(Problem details) Where a line of the listing below holds "ENSBC", add it to the tally; give only the final number.

(Material shown)
━━━━━━━━━━━━━━━━━━━━━━━━━━━━━━

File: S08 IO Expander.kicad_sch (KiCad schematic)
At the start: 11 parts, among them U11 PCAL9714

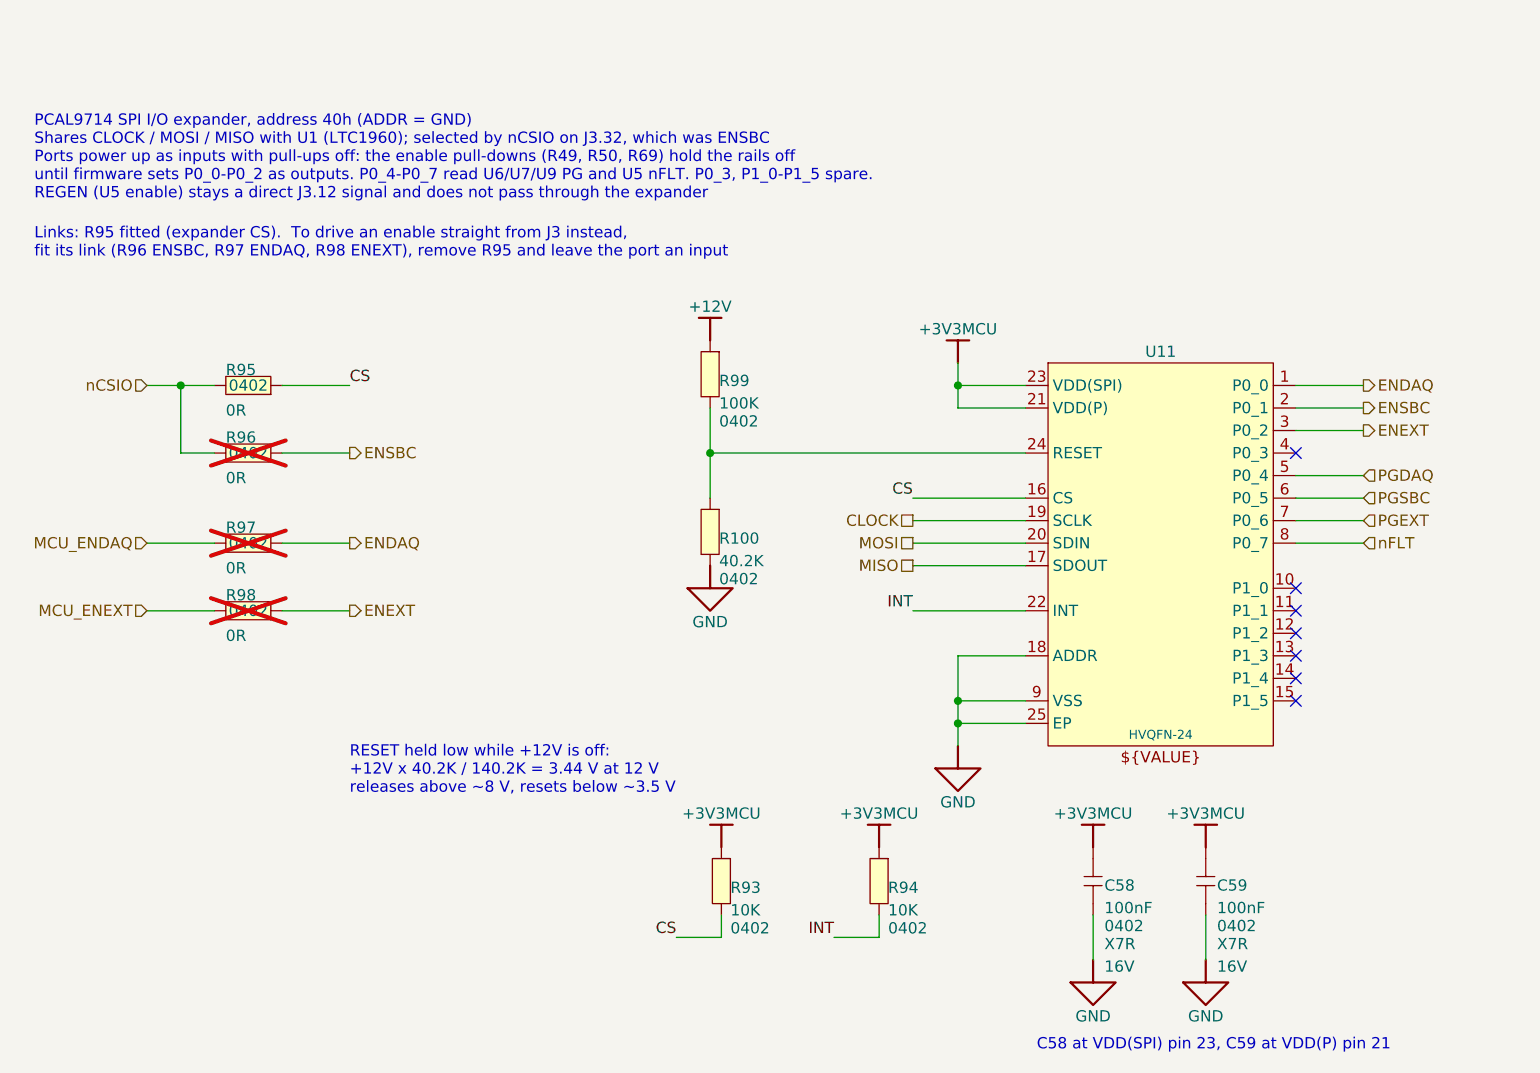
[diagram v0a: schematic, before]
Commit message: Drive the expander RESET through a FET and use BSS138 for Q20-Q23
The +12V divider on U11 RESET could back-power the expander and gave a
weak logic high. Q23 now passes +3V3MCU to RESET while +12V is up, with
its gate fed by R99 100K / R101 1M. R100 (now 100K) holds RESET low when
+12V is off, and RESET can no longer rise above +3V3MCU.

Q20-Q23 are now onsemi BSS138 in SOT-23, replacing the DFN1006
DMN65D8LFB-7. The BSS138 has no gate zener, so gate leakage is at most
100 nA on the 100K PG pull-ups and the Q23 gate divider. The README
warns against ESD-protected substitutes.

The root sheet change is KiCad reordering items only.

Co-Authored-By: Claude Opus 5.5 <noreply@anthropic.com>
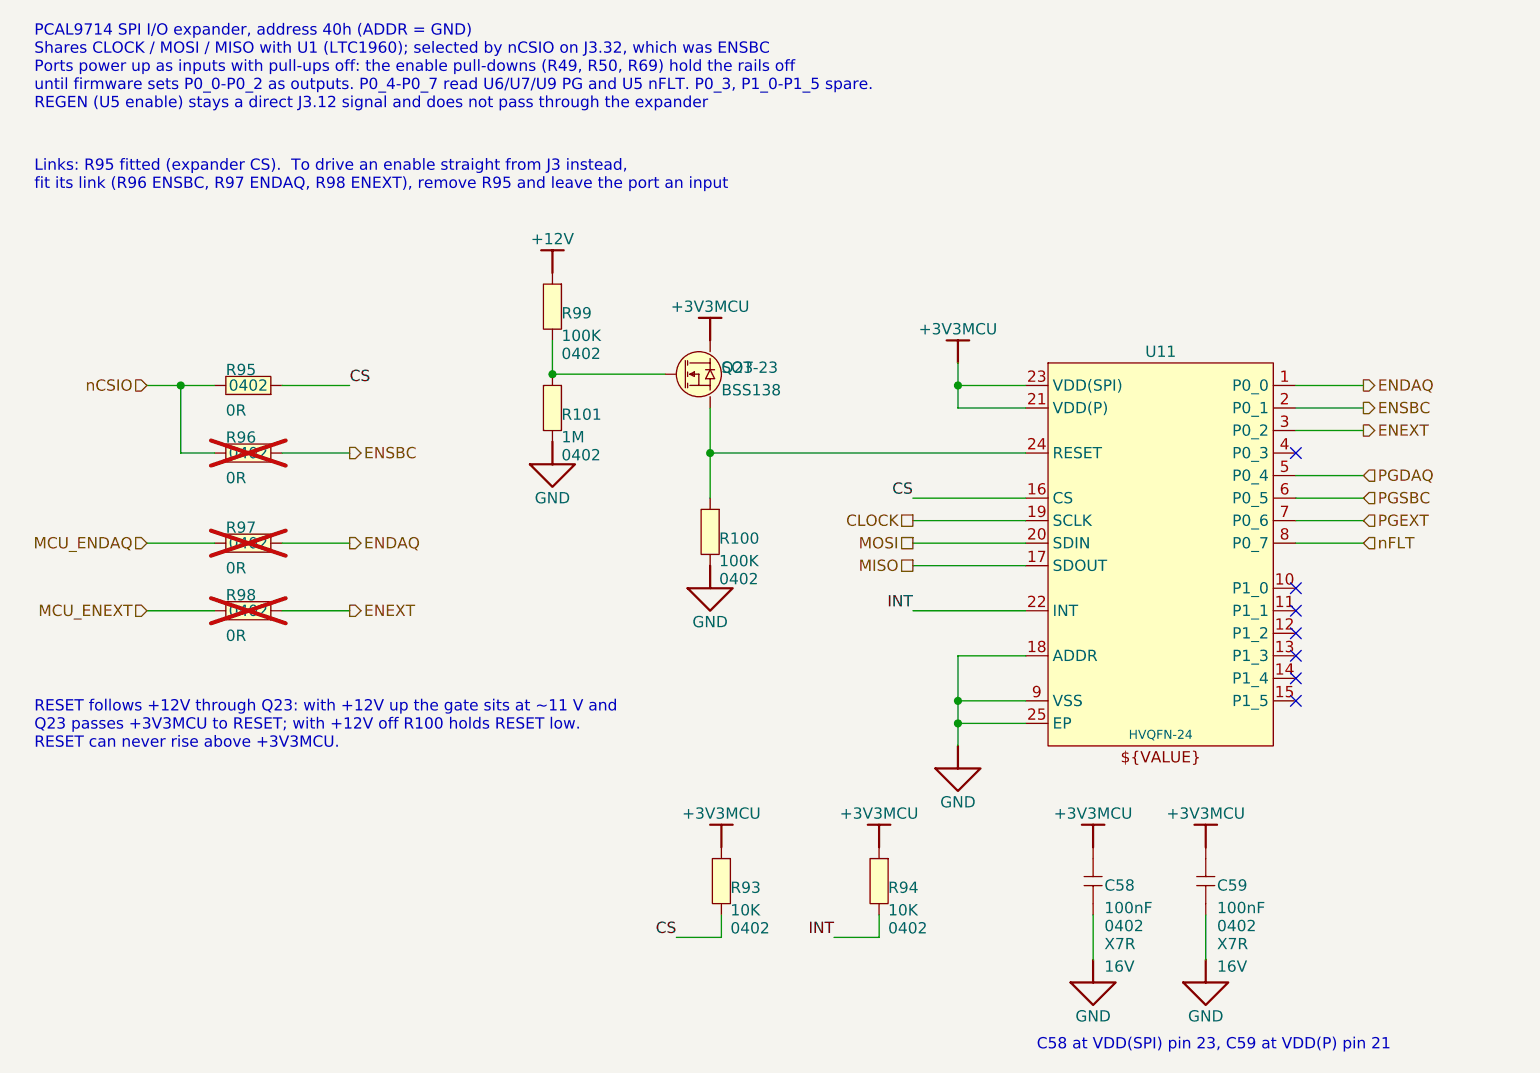
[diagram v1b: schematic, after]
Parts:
- removed R100: 40.2K, Resistor_SMD:R_0402_1005Metric, symbol Lattech Systems:Resistor 40.2K 1% 0402
- added Q23: BSS138, Package_TO_SOT_SMD:SOT-23, symbol Lattech Systems:Transistor N-Channel MOSFET 50V BSS138 SOT-23
- added R100: 100K, Resistor_SMD:R_0402_1005Metric, symbol Lattech Systems:Resistor 100K 1% 0402
- added R101: 1M, Resistor_SMD:R_0402_1005Metric, symbol Lattech Systems:Resistor 1M 1% 0402
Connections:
- net +3V3MCU: now also Q23.3 (D)
- net GND: now also R100.1, R101.1
- net at R99.1: now also Q23.1 (G), R101.2; no longer U11.24 (RESET)
- new net: Q23.2 (S), R100.2, U11.24 (RESET)
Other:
- note added: "RESET follows +12V through Q23: with +12V up the gate sits at ~11 V and Q23 passes +3V3MCU to RESET; with +12V off R100 holds RESET low. RESET can never rise above +3V3MCU."
- note removed: "RESET held low while +12V is off: +12V x 40.2K / 140.2K = 3.44 V at 12 V releases above ~8 V, resets below ~3.5 V"

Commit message: BOM consolidation, OVLO divider to 1%, U5 fixes and I2C config option
- Consolidate passives: 1uF 50V to 0603, 100nF to 50V X7R 0402,
  10uF to 50V X7R 1210, 220nF to 0603, 10R to 0402 (100 -> 90 BOM lines)
- TPS22811 OVLO divider 1M/102K 0.1% -> 1M/100K 1% (12.6V min trip)
- U5 LM51772: C30 -> R102 10K to GND (VCC1 disabled), C32 -> 22uF 16V 0805,
  R29 1.9K -> 1.87K to sit inside the CFG4 window
- Add DNP I2C configuration option for U5 (R103-R107) on J3.34/J3.36,
  shared with R97/R98 fallback
- Document all changes in README.md

Co-Authored-By: Claude Opus 5.5 <noreply@anthropic.com>
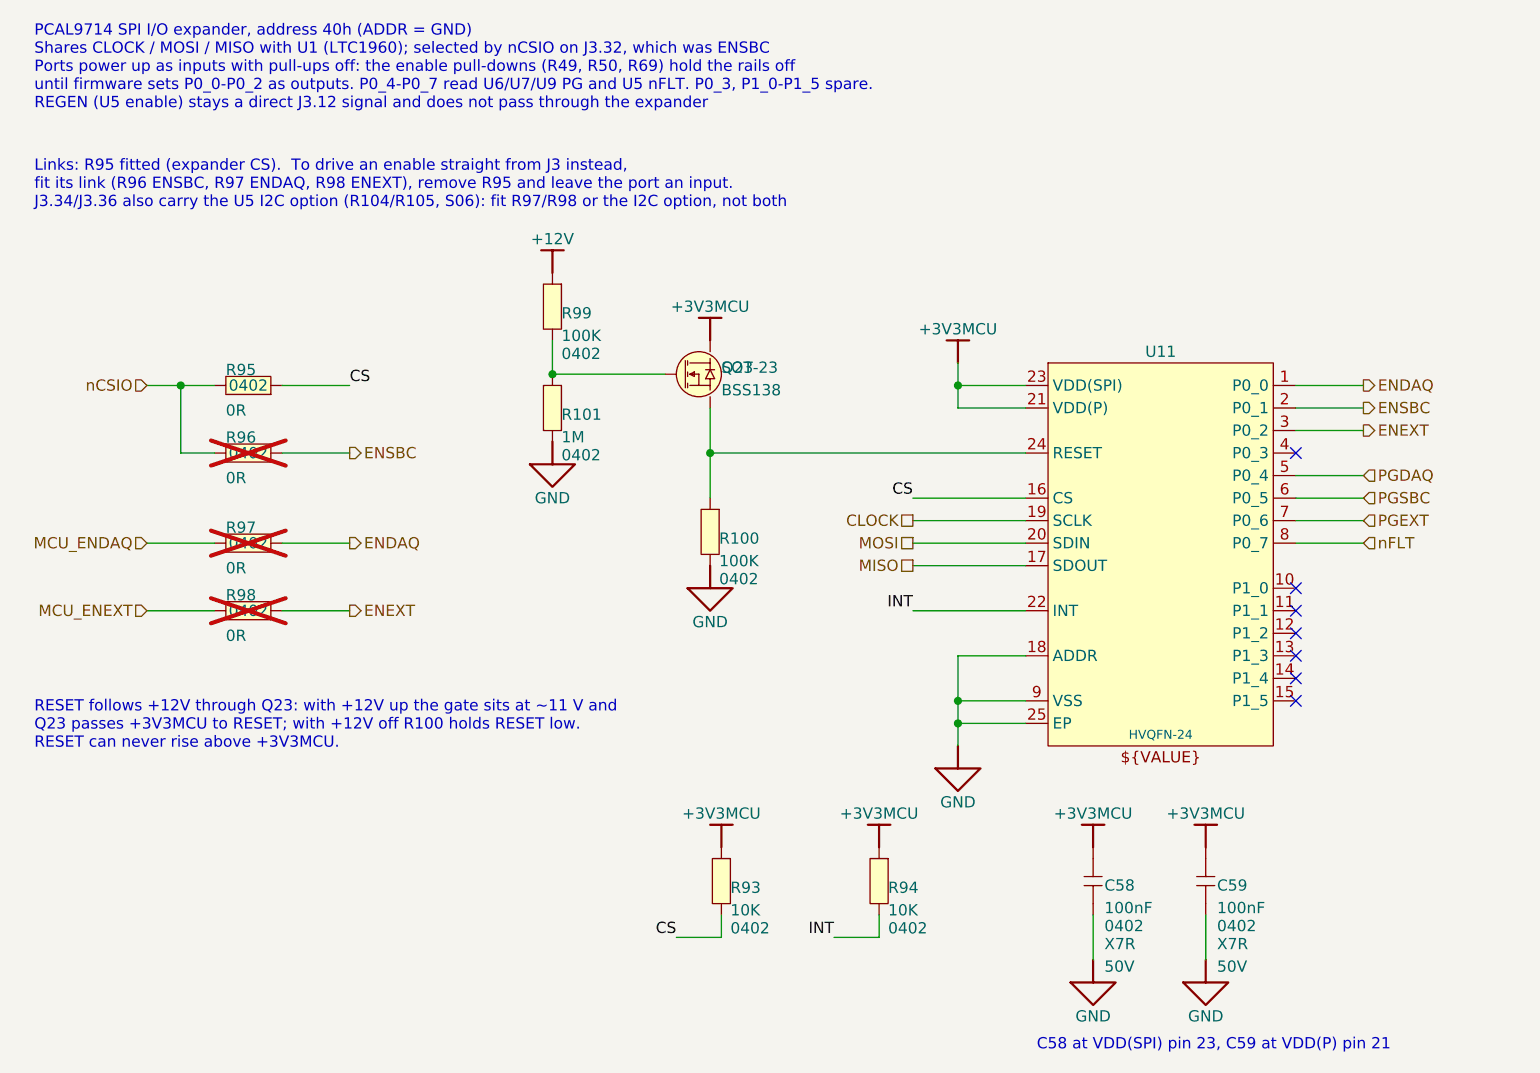
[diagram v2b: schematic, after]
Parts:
- C58, C59: symbol Lattech Systems:Capacitor 100nF 16V X7R 0402 -> Lattech Systems:Capacitor 100nF 50V X7R 0402; MANUFACTURER ? -> Yageo; MANUFACTURER_PN ? -> CC0402KPX7R9BB104; VOLTAGE 16V -> 50V
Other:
- note added: "Links: R95 fitted (expander CS). To drive an enable straight from J3 instead, fit its link (R96 ENSBC, R97 ENDAQ, R98 ENEXT), remove R95 and leave the port an input. J3.34/J3.36 also carry the U5 I2C option (R104/R105, S06): fit R97/R98 or the I2C option, not both"
- note removed: "Links: R95 fitted (expander CS). To drive an enable straight from J3 instead, fit its link (R96 ENSBC, R97 ENDAQ, R98 ENEXT), remove R95 and leave the port an input"
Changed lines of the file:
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@@
 	(generator_version "10.0")
 	(paper "A3")
-	(text "Links: R95 fitted (expander CS).  To drive an enable straight from J3 instead,\nfit its link (R96 ENSBC, R97 ENDAQ, R98 ENEXT), remove R95 and leave the port an input"
+	(text "Links: R95 fitted (expander CS).  To drive an enable straight from J3 instead,\nfit its link (R96 ENSBC, R97 ENDAQ, R98 ENEXT), remove R95 and leave the port an input.\nJ3.34/J3.36 also carry the U5 I2C option (R104/R105, S06): fit R97/R98 or the I2C option, not both"
 		(exclude_from_sim no)
 		(at 63.5 81.28 0)
@@
 	)
 	(symbol
-		(lib_id "Lattech Systems:Capacitor 100nF 16V X7R 0402")
+		(lib_id "Lattech Systems:Capacitor 100nF 50V X7R 0402")
 		(at 195.58 162.56 90)
 		(unit 1)
@@
 			)
 		)
-		(property "Description" "Capacitor 100nF 16V X7R 0402"
+		(property "Description" "Capacitor 100nF 50V X7R 0402"
 			(at 195.58 162.56 0)
 			(hide yes)
@@
 			)
 		)
-		(property "MANUFACTURER" "?"
+		(property "MANUFACTURER" "Yageo"
 			(at 194.31 158.242 90)
 			(hide yes)
@@
 			)
 		)
-		(property "MANUFACTURER_PN" "?"
+		(property "MANUFACTURER_PN" "CC0402KPX7R9BB104"
 			(at 194.31 158.242 90)
 			(hide yes)
@@
 			)
 		)
-		(property "VOLTAGE" "16V"
+		(property "VOLTAGE" "50V"
 			(at 196.85 171.45 90)
 			(show_name no)
@@
 	)
 	(symbol
-		(lib_id "Lattech Systems:Capacitor 100nF 16V X7R 0402")
+		(lib_id "Lattech Systems:Capacitor 100nF 50V X7R 0402")
 		(at 182.88 162.56 90)
 		(unit 1)
@@
 			)
 		)
-		(property "Description" "Capacitor 100nF 16V X7R 0402"
+		(property "Description" "Capacitor 100nF 50V X7R 0402"
 			(at 182.88 162.56 0)
 			(hide yes)
@@
 			)
 		)
-		(property "MANUFACTURER" "?"
+		(property "MANUFACTURER" "Yageo"
 			(at 181.61 158.242 90)
 			(hide yes)
@@
 			)
 		)
-		(property "MANUFACTURER_PN" "?"
+		(property "MANUFACTURER_PN" "CC0402KPX7R9BB104"
 			(at 181.61 158.242 90)
 			(hide yes)
@@
 			)
 		)
-		(property "VOLTAGE" "16V"
+		(property "VOLTAGE" "50V"
 			(at 184.15 171.45 90)
 			(show_name no)

━━━━━━━━━━━━━━━━━━━━━━━━━━━━━━

(Answer) 4